Scientific Institute for Research Hospitalization and Healthcare (IRCCS)

Status

Enrolling

Conditions

Cerclage, Cervical

Treatments

Other: Data comparison

Study type

Observational

Funder types

Other

Identifiers

NCT06788873
ROUND-21

Details and patient eligibility

About

The goal of this observational study is to compare two different surgical techniques of performing elective cervical cerclage in the prevention of preterm delivery, both of which are already widely used in common clinical practice: elective cervical cerclage by the vaginal route and laparoscopic transabdominal elective cervical cerclage.

Full description

For the purpose of this study, no study-specific visits are planned.
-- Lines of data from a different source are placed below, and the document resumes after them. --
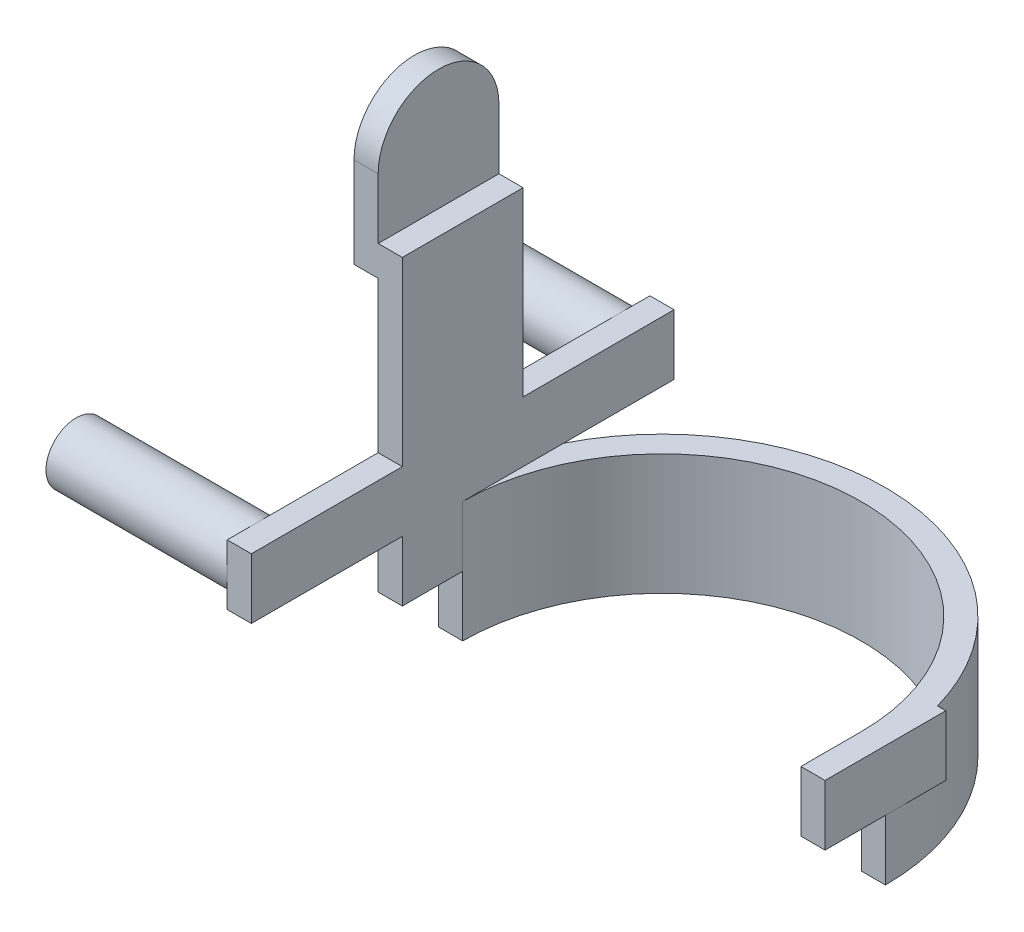
ISO-10303-21;
HEADER;
FILE_DESCRIPTION(('STEP AP214'),'2;1');
FILE_NAME('part.step','',(''),(''),'','','');
FILE_SCHEMA(('AUTOMOTIVE_DESIGN { 1 0 10303 214 1 1 1 1 }'));
ENDSEC;
DATA;
#1=APPLICATION_CONTEXT('core data for automotive mechanical design processes');
#2=APPLICATION_PROTOCOL_DEFINITION('international standard','automotive_design',2000,#1);
#3=PRODUCT_CONTEXT('',#1,'mechanical');
#4=PRODUCT('Part','Part','',(#3));
#5=PRODUCT_RELATED_PRODUCT_CATEGORY('part','',(#4));
#6=PRODUCT_DEFINITION_FORMATION('','',#4);
#7=PRODUCT_DEFINITION_CONTEXT('part definition',#1,'design');
#8=PRODUCT_DEFINITION('design','',#6,#7);
#9=PRODUCT_DEFINITION_SHAPE('','',#8);
#10=(LENGTH_UNIT() NAMED_UNIT(*) SI_UNIT(.MILLI.,.METRE.));
#11=(NAMED_UNIT(*) PLANE_ANGLE_UNIT() SI_UNIT($,.RADIAN.));
#12=(NAMED_UNIT(*) SI_UNIT($,.STERADIAN.) SOLID_ANGLE_UNIT());
#13=UNCERTAINTY_MEASURE_WITH_UNIT(LENGTH_MEASURE(1.E-05),#10,'distance_accuracy_value','');
#14=(GEOMETRIC_REPRESENTATION_CONTEXT(3) GLOBAL_UNCERTAINTY_ASSIGNED_CONTEXT((#13)) GLOBAL_UNIT_ASSIGNED_CONTEXT((#10,
#11,#12)) REPRESENTATION_CONTEXT('',''));
#15=CARTESIAN_POINT('',(0.,0.,0.));
#16=DIRECTION('',(0.,0.,1.));
#17=DIRECTION('',(1.,0.,0.));
#18=AXIS2_PLACEMENT_3D('',#15,#16,#17);
#19=CARTESIAN_POINT('',(-74.,40.,20.));
#20=DIRECTION('',(0.,0.,-1.));
#21=DIRECTION('',(-1.,0.,0.));
#22=AXIS2_PLACEMENT_3D('',#19,#20,#21);
#23=PLANE('',#22);
#24=DIRECTION('',(-1.,0.,0.));
#25=VECTOR('',#24,1.);
#26=CARTESIAN_POINT('',(-42.,140.,20.));
#27=LINE('',#26,#25);
#28=CARTESIAN_POINT('',(-74.,140.,20.));
#29=VERTEX_POINT('',#28);
#30=CARTESIAN_POINT('',(-82.,140.,20.));
#31=VERTEX_POINT('',#30);
#32=EDGE_CURVE('E226',#29,#31,#27,.T.);
#33=ORIENTED_EDGE('',*,*,#32,.T.);
#34=DIRECTION('',(0.,-1.,0.));
#35=VECTOR('',#34,1.);
#36=CARTESIAN_POINT('',(-82.,110.,20.));
#37=LINE('',#36,#35);
#38=CARTESIAN_POINT('',(-82.,110.,20.));
#39=VERTEX_POINT('',#38);
#40=EDGE_CURVE('E237',#31,#39,#37,.T.);
#41=ORIENTED_EDGE('',*,*,#40,.T.);
#42=DIRECTION('',(1.,0.,0.));
#43=VECTOR('',#42,1.);
#44=CARTESIAN_POINT('',(-74.,110.,20.));
#45=LINE('',#44,#43);
#46=CARTESIAN_POINT('',(-74.,110.,20.));
#47=VERTEX_POINT('',#46);
#48=EDGE_CURVE('E246',#39,#47,#45,.T.);
#49=ORIENTED_EDGE('',*,*,#48,.T.);
#50=DIRECTION('',(0.,-1.,0.));
#51=VECTOR('',#50,1.);
#52=CARTESIAN_POINT('',(-74.,40.,20.));
#53=LINE('',#52,#51);
#54=CARTESIAN_POINT('',(-74.,60.,20.));
#55=VERTEX_POINT('',#54);
#56=EDGE_CURVE('E417',#47,#55,#53,.T.);
#57=ORIENTED_EDGE('',*,*,#56,.T.);
#58=DIRECTION('',(1.,0.,0.));
#59=VECTOR('',#58,1.);
#60=CARTESIAN_POINT('',(-74.,60.,20.));
#61=LINE('',#60,#59);
#62=CARTESIAN_POINT('',(-66.,60.,20.));
#63=VERTEX_POINT('',#62);
#64=EDGE_CURVE('E319',#55,#63,#61,.T.);
#65=ORIENTED_EDGE('',*,*,#64,.T.);
#66=DIRECTION('',(0.,-1.,0.));
#67=VECTOR('',#66,1.);
#68=CARTESIAN_POINT('',(-66.,40.,20.));
#69=LINE('',#68,#67);
#70=CARTESIAN_POINT('',(-66.,120.,20.));
#71=VERTEX_POINT('',#70);
#72=EDGE_CURVE('E413',#71,#63,#69,.T.);
#73=ORIENTED_EDGE('',*,*,#72,.F.);
#74=DIRECTION('',(1.,0.,0.));
#75=VECTOR('',#74,1.);
#76=CARTESIAN_POINT('',(-74.,120.,20.));
#77=LINE('',#76,#75);
#78=CARTESIAN_POINT('',(-74.,120.,20.));
#79=VERTEX_POINT('',#78);
#80=EDGE_CURVE('E388',#79,#71,#77,.T.);
#81=ORIENTED_EDGE('',*,*,#80,.F.);
#82=DIRECTION('',(0.,1.,0.));
#83=VECTOR('',#82,1.);
#84=CARTESIAN_POINT('',(-74.,110.,20.));
#85=LINE('',#84,#83);
#86=EDGE_CURVE('E240',#79,#29,#85,.T.);
#87=ORIENTED_EDGE('',*,*,#86,.T.);
#88=EDGE_LOOP('',(#33,#41,#49,#57,#65,#73,#81,#87));
#89=FACE_BOUND('',#88,.T.);
#90=ADVANCED_FACE('F34',(#89),#23,.F.);
#91=CARTESIAN_POINT('',(-74.,40.,-20.));
#92=DIRECTION('',(1.,0.,0.));
#93=DIRECTION('',(0.,0.,-1.));
#94=AXIS2_PLACEMENT_3D('',#91,#92,#93);
#95=PLANE('',#94);
#96=CARTESIAN_POINT('',(-74.,50.,60.));
#97=DIRECTION('',(-1.,0.,0.));
#98=DIRECTION('',(0.,0.,1.));
#99=AXIS2_PLACEMENT_3D('',#96,#97,#98);
#100=CIRCLE('',#99,9.99999999999999);
#101=CARTESIAN_POINT('',(-74.,40.,60.));
#102=VERTEX_POINT('',#101);
#103=CARTESIAN_POINT('',(-74.,50.,70.));
#104=VERTEX_POINT('',#103);
#105=EDGE_CURVE('E256',#102,#104,#100,.T.);
#106=ORIENTED_EDGE('',*,*,#105,.F.);
#107=DIRECTION('',(0.,0.,1.));
#108=VECTOR('',#107,1.);
#109=CARTESIAN_POINT('',(-74.,40.,-70.));
#110=LINE('',#109,#108);
#111=CARTESIAN_POINT('',(-74.,40.,70.));
#112=VERTEX_POINT('',#111);
#113=EDGE_CURVE('E290',#102,#112,#110,.T.);
#114=ORIENTED_EDGE('',*,*,#113,.T.);
#115=DIRECTION('',(0.,1.,0.));
#116=VECTOR('',#115,1.);
#117=CARTESIAN_POINT('',(-74.,60.,70.));
#118=LINE('',#117,#116);
#119=EDGE_CURVE('E297',#112,#104,#118,.T.);
#120=ORIENTED_EDGE('',*,*,#119,.T.);
#121=EDGE_LOOP('',(#106,#114,#120));
#122=FACE_BOUND('',#121,.T.);
#123=ADVANCED_FACE('F542',(#122),#95,.F.);
#124=CARTESIAN_POINT('',(-74.,60.,60.));
#125=VERTEX_POINT('',#124);
#126=EDGE_CURVE('E58',#104,#125,#100,.T.);
#127=ORIENTED_EDGE('',*,*,#126,.F.);
#128=CARTESIAN_POINT('',(-74.,60.,70.));
#129=VERTEX_POINT('',#128);
#130=EDGE_CURVE('E294',#104,#129,#118,.T.);
#131=ORIENTED_EDGE('',*,*,#130,.T.);
#132=DIRECTION('',(0.,0.,-1.));
#133=VECTOR('',#132,1.);
#134=CARTESIAN_POINT('',(-74.,60.,-70.));
#135=LINE('',#134,#133);
#136=EDGE_CURVE('E276',#129,#125,#135,.T.);
#137=ORIENTED_EDGE('',*,*,#136,.T.);
#138=EDGE_LOOP('',(#127,#131,#137));
#139=FACE_BOUND('',#138,.T.);
#140=ADVANCED_FACE('F547',(#139),#95,.F.);
#141=CARTESIAN_POINT('',(-74.,50.,-60.));
#142=DIRECTION('',(-1.,0.,0.));
#143=DIRECTION('',(0.,0.,1.));
#144=AXIS2_PLACEMENT_3D('',#141,#142,#143);
#145=CIRCLE('',#144,10.);
#146=CARTESIAN_POINT('',(-74.,50.,-70.));
#147=VERTEX_POINT('',#146);
#148=CARTESIAN_POINT('',(-74.,40.,-60.));
#149=VERTEX_POINT('',#148);
#150=EDGE_CURVE('E271',#147,#149,#145,.T.);
#151=ORIENTED_EDGE('',*,*,#150,.F.);
#152=DIRECTION('',(0.,-1.,0.));
#153=VECTOR('',#152,1.);
#154=CARTESIAN_POINT('',(-74.,60.,-70.));
#155=LINE('',#154,#153);
#156=CARTESIAN_POINT('',(-74.,40.,-70.));
#157=VERTEX_POINT('',#156);
#158=EDGE_CURVE('E267',#147,#157,#155,.T.);
#159=ORIENTED_EDGE('',*,*,#158,.T.);
#160=EDGE_CURVE('E291',#157,#149,#110,.T.);
#161=ORIENTED_EDGE('',*,*,#160,.T.);
#162=EDGE_LOOP('',(#151,#159,#161));
#163=FACE_BOUND('',#162,.T.);
#164=ADVANCED_FACE('F564',(#163),#95,.F.);
#165=ORIENTED_EDGE('',*,*,#56,.F.);
#166=DIRECTION('',(0.,0.,1.));
#167=VECTOR('',#166,1.);
#168=CARTESIAN_POINT('',(-74.,110.,-20.));
#169=LINE('',#168,#167);
#170=CARTESIAN_POINT('',(-74.,110.,-20.));
#171=VERTEX_POINT('',#170);
#172=EDGE_CURVE('E254',#171,#47,#169,.T.);
#173=ORIENTED_EDGE('',*,*,#172,.F.);
#174=DIRECTION('',(0.,-1.,0.));
#175=VECTOR('',#174,1.);
#176=CARTESIAN_POINT('',(-74.,40.,-20.));
#177=LINE('',#176,#175);
#178=CARTESIAN_POINT('',(-74.,60.,-20.));
#179=VERTEX_POINT('',#178);
#180=EDGE_CURVE('E420',#171,#179,#177,.T.);
#181=ORIENTED_EDGE('',*,*,#180,.T.);
#182=CARTESIAN_POINT('',(-74.,60.,-60.));
#183=VERTEX_POINT('',#182);
#184=EDGE_CURVE('E303',#179,#183,#135,.T.);
#185=ORIENTED_EDGE('',*,*,#184,.T.);
#186=EDGE_CURVE('E262',#149,#183,#145,.T.);
#187=ORIENTED_EDGE('',*,*,#186,.F.);
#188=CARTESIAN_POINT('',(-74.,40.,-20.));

Data will be collected in a pseudo-anonymized manner, assigning each participant a sequence number.

For patients who undergo elective vaginal cervical cerclage at the division of Obstetrics and Prenatal Age Medicine or laparoscopic cerclage at the division of Gynecology and Human Reproductive Pathophysiology, the normal care pathway does not include additional follow-up visits for outpatient follow-up visits.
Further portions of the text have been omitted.